## DIRECTIONS FOR THIS TASK
Copy the data that follows exactly, and include none of its images.
BEGIN PROVIDED RECORDS
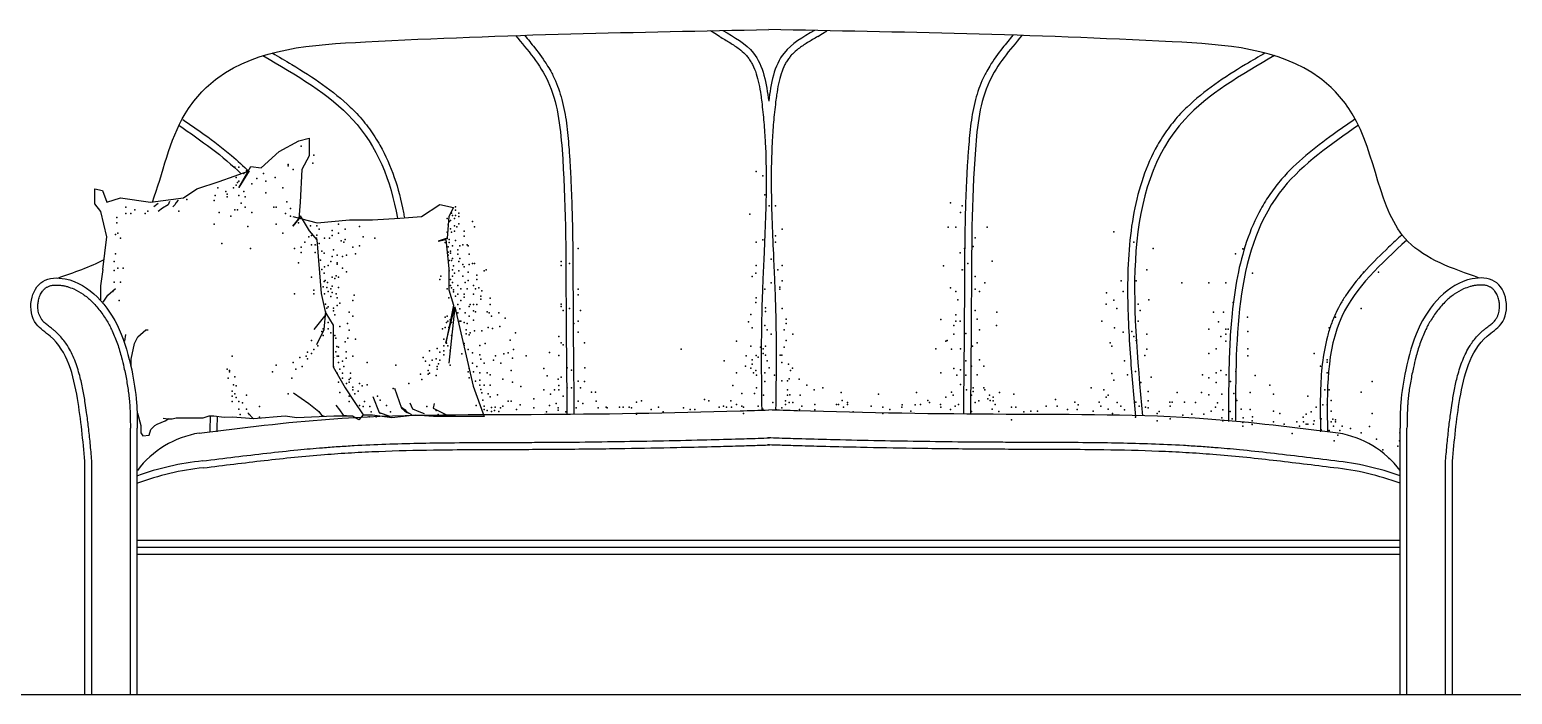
# Model space of a CAD drawing. Header units: inches. Extents: x 11 to 53.5, y 7.4 to 32.2.
# Drawn here: x 43.636 to 45.755, y 24.025 to 24.975 of the extents above; entities that cross this region are included whole.
import ezdxf

# ---------------------------------------------------------------- set-up
doc = ezdxf.new("R2010")
doc.units = ezdxf.units.IN
doc.header["$MEASUREMENT"] = 0
doc.layers.add('02', color=2, linetype='Continuous')
doc.layers.add('1', color=1, linetype='Continuous')

msp = doc.modelspace()

# ---------------------------------------------------------------- linework, layer by layer
at = {"layer": '02'}
for p, q in [((44.6153, 24.9696), (44.6092, 24.9735)), ((44.622, 24.9652), (44.6153, 24.9696)), ((44.7625, 24.9652), (44.7691, 24.9696)), ((44.7691, 24.9696), (44.7753, 24.9735)), ((43.8195, 24.7264), (43.8131, 24.7216)), ((43.8259, 24.72), (43.8195, 24.7152)), ((43.8339, 24.7248), (43.8259, 24.72)), ((43.8355, 24.7296), (43.8339, 24.7248)), ((43.8435, 24.7248), (43.8403, 24.7216)), ((43.8451, 24.728), (43.8435, 24.7248)), ((43.8483, 24.7312), (43.8451, 24.728)), ((45.5975, 24.6817), (45.5977, 24.6818)), ((45.5977, 24.6818), (45.5978, 24.6819)), ((43.7405, 24.632), (43.7371, 24.6088)), ((43.7371, 24.6088), (43.7371, 24.5886)), ((43.741, 24.5857), (43.7474, 24.5953)), ((43.7474, 24.5953), (43.7586, 24.6049)), ((43.7906, 24.5361), (43.8019, 24.5457)), ((43.8019, 24.5457), (43.8051, 24.5457)), ((43.773, 24.5393), (43.7714, 24.5297)), ((43.781, 24.5042), (43.7858, 24.5265)), ((43.7858, 24.5265), (43.7906, 24.5361)), ((43.781, 24.4946), (43.781, 24.5042)), ((44.1572, 24.4624), (44.1675, 24.4341)), ((44.0129, 24.456), (44.0348, 24.4406)), ((44.0348, 24.4406), (44.049, 24.429)), ((44.1263, 24.4508), (44.1353, 24.4277)), ((44.1791, 24.4418), (44.183, 24.4328)), ((44.2139, 24.4406), (44.2126, 24.4341)), ((43.79, 24.427), (43.7945, 24.409)), ((43.8293, 24.4157), (43.8349, 24.4191)), ((44.049, 24.429), (44.0529, 24.4238)), ((44.0529, 24.4238), (44.0567, 24.4225)), ((44.0735, 24.438), (44.0786, 24.4315)), ((44.0786, 24.4315), (44.0838, 24.4238)), ((44.0838, 24.4238), (44.098, 24.4225)), ((44.1353, 24.4277), (44.1508, 24.4225)), ((44.1675, 24.4354), (44.1727, 24.4315)), ((44.1675, 24.4341), (44.1714, 24.4303)), ((44.1714, 24.4303), (44.1753, 24.4277)), ((44.1727, 24.4315), (44.174, 24.429)), ((44.174, 24.429), (44.1817, 24.4251)), ((44.1753, 24.4277), (44.1791, 24.4264)), ((44.183, 24.4328), (44.192, 24.429)), ((44.192, 24.429), (44.1997, 24.4264)), ((44.2126, 24.4341), (44.2307, 24.4251)), ((43.7797, 24.0251), (43.7797, 24.4053)), ((43.7897, 24.0251), (43.7897, 24.4054)), ((43.7945, 24.409), (43.7945, 24.3989)), ((43.7945, 24.3989), (43.7978, 24.3944)), ((43.8068, 24.3955), (43.8091, 24.4034)), ((43.8091, 24.4034), (43.8147, 24.409)), ((43.8147, 24.409), (43.818, 24.4112)), ((43.818, 24.4112), (43.8293, 24.4157)), ((45.5947, 24.0251), (45.5947, 24.4054)), ((45.6047, 24.0251), (45.6047, 24.4053)), ((43.7978, 24.3944), (43.8068, 24.3955)), ((43.7147, 24.0251), (43.7147, 24.3581)), ((43.7247, 24.0251), (43.7247, 24.3603)), ((45.6597, 24.0251), (45.6597, 24.3603)), ((45.6697, 24.0251), (45.6697, 24.3581)), ((43.7897, 24.2451), (45.5947, 24.2451)), ((43.7897, 24.2351), (45.5947, 24.2351)), ((43.7897, 24.2251), (45.5947, 24.2251))]:
    msp.add_line(p, q, dxfattribs=at)
for points in [[(43.7405, 24.632), (43.7462, 24.679), (43.7376, 24.7153), (43.729, 24.726), (43.729, 24.7474), (43.7398, 24.7453), (43.7462, 24.7282), (43.7655, 24.7346), (43.8083, 24.7282), (43.8555, 24.7346), (43.8748, 24.7474), (43.9069, 24.7581), (43.9498, 24.7731), (43.9348, 24.7495), (43.9519, 24.7795), (43.9669, 24.7774), (43.9926, 24.8009), (44.0205, 24.8159), (44.0355, 24.8201), (44.0355, 24.7945), (44.0248, 24.7752), (44.0226, 24.7282), (44.0205, 24.7046), (44.0119, 24.6939), (44.0226, 24.7068), (44.0226, 24.7089), (44.0355, 24.6875), (44.0462, 24.6747), (44.0526, 24.5977), (44.0591, 24.5677), (44.0419, 24.5463)], [(44.012, 24.7078), (44.047, 24.6991), (44.0929, 24.7034), (44.1257, 24.7034), (44.165, 24.7056), (44.1957, 24.7078), (44.2219, 24.7253), (44.2416, 24.7209), (44.235, 24.7078), (44.2328, 24.6772), (44.2197, 24.6729), (44.2306, 24.6751), (44.235, 24.6336), (44.235, 24.603), (44.2416, 24.5812), (44.2306, 24.5267), (44.2438, 24.579), (44.235, 24.4983)], [(44.0462, 24.5249), (44.0569, 24.5463), (44.0591, 24.572)], [(44.0591, 24.5699), (44.0698, 24.5527), (44.0698, 24.4929), (44.0869, 24.4629), (44.0998, 24.4437), (44.1126, 24.4244), (44.1065, 24.4175)], [(44.2438, 24.579), (44.27, 24.4656), (44.2853, 24.4219), (44.2131, 24.4219), (44.1869, 24.4241), (44.1533, 24.4201), (44.1257, 24.4241), (44.1124, 24.4241)], [(43.9558, 24.4189), (43.9443, 24.4196), (43.9259, 24.421), (43.9136, 24.4207), (43.8989, 24.4224), (43.8918, 24.4224), (43.8833, 24.4196), (43.8451, 24.4196), (43.8394, 24.4182), (43.8337, 24.4182), (43.8264, 24.419)], [(44.1065, 24.4175), (44.0974, 24.4224), (44.0704, 24.4224), (44.0175, 24.4201), (44.001, 24.4224), (43.9558, 24.4189), (43.9475, 24.4272)]]:
    msp.add_lwpolyline(points, dxfattribs=at)
for centre, radius, start, end in [((43.8999, 24.2622), 0.1378, 99.1421, 143.0525), ((45.4846, 24.2622), 0.1378, 36.9475, 80.8579), ((43.9238, 23.9667), 0.394, 95.9204, 109.8962), ((45.4607, 23.9667), 0.394, 70.1038, 84.0796), ((43.9238, 23.9667), 0.384, 95.9204, 110.4372), ((45.4607, 23.9667), 0.384, 69.5628, 84.0796)]:
    msp.add_arc(centre, radius, start, end, dxfattribs=at)
for points, knots in [([(43.8112, 24.7285), (43.8265, 24.7692), (43.8397, 24.8422), (43.9372, 24.9472), (44.2466, 24.9668), (44.5047, 24.9716), (44.6922, 24.9751)], [183.621152, 183.621152, 183.621152, 183.621152, 313.989475, 383.583423, 600.64007, 1177.417108, 1177.417108, 1177.417108, 1177.417108]), ([(44.6269, 24.9738), (44.6433, 24.9645), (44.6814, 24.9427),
END PROVIDED RECORDS
## RESPONSE TO THIS TASK
# Model space of a CAD drawing. Header units: inches. Extents: x 11 to 53.5, y 7.4 to 32.2.
# Drawn here: x 43.636 to 45.755, y 24.025 to 24.975 of the extents above; entities that cross this region are included whole.
import ezdxf

# ---------------------------------------------------------------- set-up
doc = ezdxf.new("R2010")
doc.units = ezdxf.units.IN
doc.header["$MEASUREMENT"] = 0
doc.layers.add('02', color=2, linetype='Continuous')
doc.layers.add('1', color=1, linetype='Continuous')

msp = doc.modelspace()

# ---------------------------------------------------------------- linework, layer by layer
at = {"layer": '02'}
for p, q in [((44.6153, 24.9696), (44.6092, 24.9735)), ((44.622, 24.9652), (44.6153, 24.9696)), ((44.7625, 24.9652), (44.7691, 24.9696)), ((44.7691, 24.9696), (44.7753, 24.9735)), ((43.8195, 24.7264), (43.8131, 24.7216)), ((43.8259, 24.72), (43.8195, 24.7152)), ((43.8339, 24.7248), (43.8259, 24.72)), ((43.8355, 24.7296), (43.8339, 24.7248)), ((43.8435, 24.7248), (43.8403, 24.7216)), ((43.8451, 24.728), (43.8435, 24.7248)), ((43.8483, 24.7312), (43.8451, 24.728)), ((45.5975, 24.6817), (45.5977, 24.6818)), ((45.5977, 24.6818), (45.5978, 24.6819)), ((43.7405, 24.632), (43.7371, 24.6088)), ((43.7371, 24.6088), (43.7371, 24.5886)), ((43.741, 24.5857), (43.7474, 24.5953)), ((43.7474, 24.5953), (43.7586, 24.6049)), ((43.7906, 24.5361), (43.8019, 24.5457)), ((43.8019, 24.5457), (43.8051, 24.5457)), ((43.773, 24.5393), (43.7714, 24.5297)), ((43.781, 24.5042), (43.7858, 24.5265)), ((43.7858, 24.5265), (43.7906, 24.5361)), ((43.781, 24.4946), (43.781, 24.5042)), ((44.1572, 24.4624), (44.1675, 24.4341)), ((44.0129, 24.456), (44.0348, 24.4406)), ((44.0348, 24.4406), (44.049, 24.429)), ((44.1263, 24.4508), (44.1353, 24.4277)), ((44.1791, 24.4418), (44.183, 24.4328)), ((44.2139, 24.4406), (44.2126, 24.4341)), ((43.79, 24.427), (43.7945, 24.409)), ((43.8293, 24.4157), (43.8349, 24.4191)), ((44.049, 24.429), (44.0529, 24.4238)), ((44.0529, 24.4238), (44.0567, 24.4225)), ((44.0735, 24.438), (44.0786, 24.4315)), ((44.0786, 24.4315), (44.0838, 24.4238)), ((44.0838, 24.4238), (44.098, 24.4225)), ((44.1353, 24.4277), (44.1508, 24.4225)), ((44.1675, 24.4354), (44.1727, 24.4315)), ((44.1675, 24.4341), (44.1714, 24.4303)), ((44.1714, 24.4303), (44.1753, 24.4277)), ((44.1727, 24.4315), (44.174, 24.429)), ((44.174, 24.429), (44.1817, 24.4251)), ((44.1753, 24.4277), (44.1791, 24.4264)), ((44.183, 24.4328), (44.192, 24.429)), ((44.192, 24.429), (44.1997, 24.4264)), ((44.2126, 24.4341), (44.2307, 24.4251)), ((43.7797, 24.0251), (43.7797, 24.4053)), ((43.7897, 24.0251), (43.7897, 24.4054)), ((43.7945, 24.409), (43.7945, 24.3989)), ((43.7945, 24.3989), (43.7978, 24.3944)), ((43.8068, 24.3955), (43.8091, 24.4034)), ((43.8091, 24.4034), (43.8147, 24.409)), ((43.8147, 24.409), (43.818, 24.4112)), ((43.818, 24.4112), (43.8293, 24.4157)), ((45.5947, 24.0251), (45.5947, 24.4054)), ((45.6047, 24.0251), (45.6047, 24.4053)), ((43.7978, 24.3944), (43.8068, 24.3955)), ((43.7147, 24.0251), (43.7147, 24.3581)), ((43.7247, 24.0251), (43.7247, 24.3603)), ((45.6597, 24.0251), (45.6597, 24.3603)), ((45.6697, 24.0251), (45.6697, 24.3581)), ((43.7897, 24.2451), (45.5947, 24.2451)), ((43.7897, 24.2351), (45.5947, 24.2351)), ((43.7897, 24.2251), (45.5947, 24.2251))]:
    msp.add_line(p, q, dxfattribs=at)
for points in [[(43.7405, 24.632), (43.7462, 24.679), (43.7376, 24.7153), (43.729, 24.726), (43.729, 24.7474), (43.7398, 24.7453), (43.7462, 24.7282), (43.7655, 24.7346), (43.8083, 24.7282), (43.8555, 24.7346), (43.8748, 24.7474), (43.9069, 24.7581), (43.9498, 24.7731), (43.9348, 24.7495), (43.9519, 24.7795), (43.9669, 24.7774), (43.9926, 24.8009), (44.0205, 24.8159), (44.0355, 24.8201), (44.0355, 24.7945), (44.0248, 24.7752), (44.0226, 24.7282), (44.0205, 24.7046), (44.0119, 24.6939), (44.0226, 24.7068), (44.0226, 24.7089), (44.0355, 24.6875), (44.0462, 24.6747), (44.0526, 24.5977), (44.0591, 24.5677), (44.0419, 24.5463)], [(44.012, 24.7078), (44.047, 24.6991), (44.0929, 24.7034), (44.1257, 24.7034), (44.165, 24.7056), (44.1957, 24.7078), (44.2219, 24.7253), (44.2416, 24.7209), (44.235, 24.7078), (44.2328, 24.6772), (44.2197, 24.6729), (44.2306, 24.6751), (44.235, 24.6336), (44.235, 24.603), (44.2416, 24.5812), (44.2306, 24.5267), (44.2438, 24.579), (44.235, 24.4983)], [(44.0462, 24.5249), (44.0569, 24.5463), (44.0591, 24.572)], [(44.0591, 24.5699), (44.0698, 24.5527), (44.0698, 24.4929), (44.0869, 24.4629), (44.0998, 24.4437), (44.1126, 24.4244), (44.1065, 24.4175)], [(44.2438, 24.579), (44.27, 24.4656), (44.2853, 24.4219), (44.2131, 24.4219), (44.1869, 24.4241), (44.1533, 24.4201), (44.1257, 24.4241), (44.1124, 24.4241)], [(43.9558, 24.4189), (43.9443, 24.4196), (43.9259, 24.421), (43.9136, 24.4207), (43.8989, 24.4224), (43.8918, 24.4224), (43.8833, 24.4196), (43.8451, 24.4196), (43.8394, 24.4182), (43.8337, 24.4182), (43.8264, 24.419)], [(44.1065, 24.4175), (44.0974, 24.4224), (44.0704, 24.4224), (44.0175, 24.4201), (44.001, 24.4224), (43.9558, 24.4189), (43.9475, 24.4272)]]:
    msp.add_lwpolyline(points, dxfattribs=at)
for centre, radius, start, end in [((43.8999, 24.2622), 0.1378, 99.1421, 143.0525), ((45.4846, 24.2622), 0.1378, 36.9475, 80.8579), ((43.9238, 23.9667), 0.394, 95.9204, 109.8962), ((45.4607, 23.9667), 0.394, 70.1038, 84.0796), ((43.9238, 23.9667), 0.384, 95.9204, 110.4372), ((45.4607, 23.9667), 0.384, 69.5628, 84.0796)]:
    msp.add_arc(centre, radius, start, end, dxfattribs=at)
for points, knots in [([(43.8112, 24.7285), (43.8265, 24.7692), (43.8397, 24.8422), (43.9372, 24.9472), (44.2466, 24.9668), (44.5047, 24.9716), (44.6922, 24.9751)], [183.621152, 183.621152, 183.621152, 183.621152, 313.989475, 383.583423, 600.64007, 1177.417108, 1177.417108, 1177.417108, 1177.417108]), ([(44.6269, 24.9738), (44.6433, 24.9645), (44.6814, 24.9427),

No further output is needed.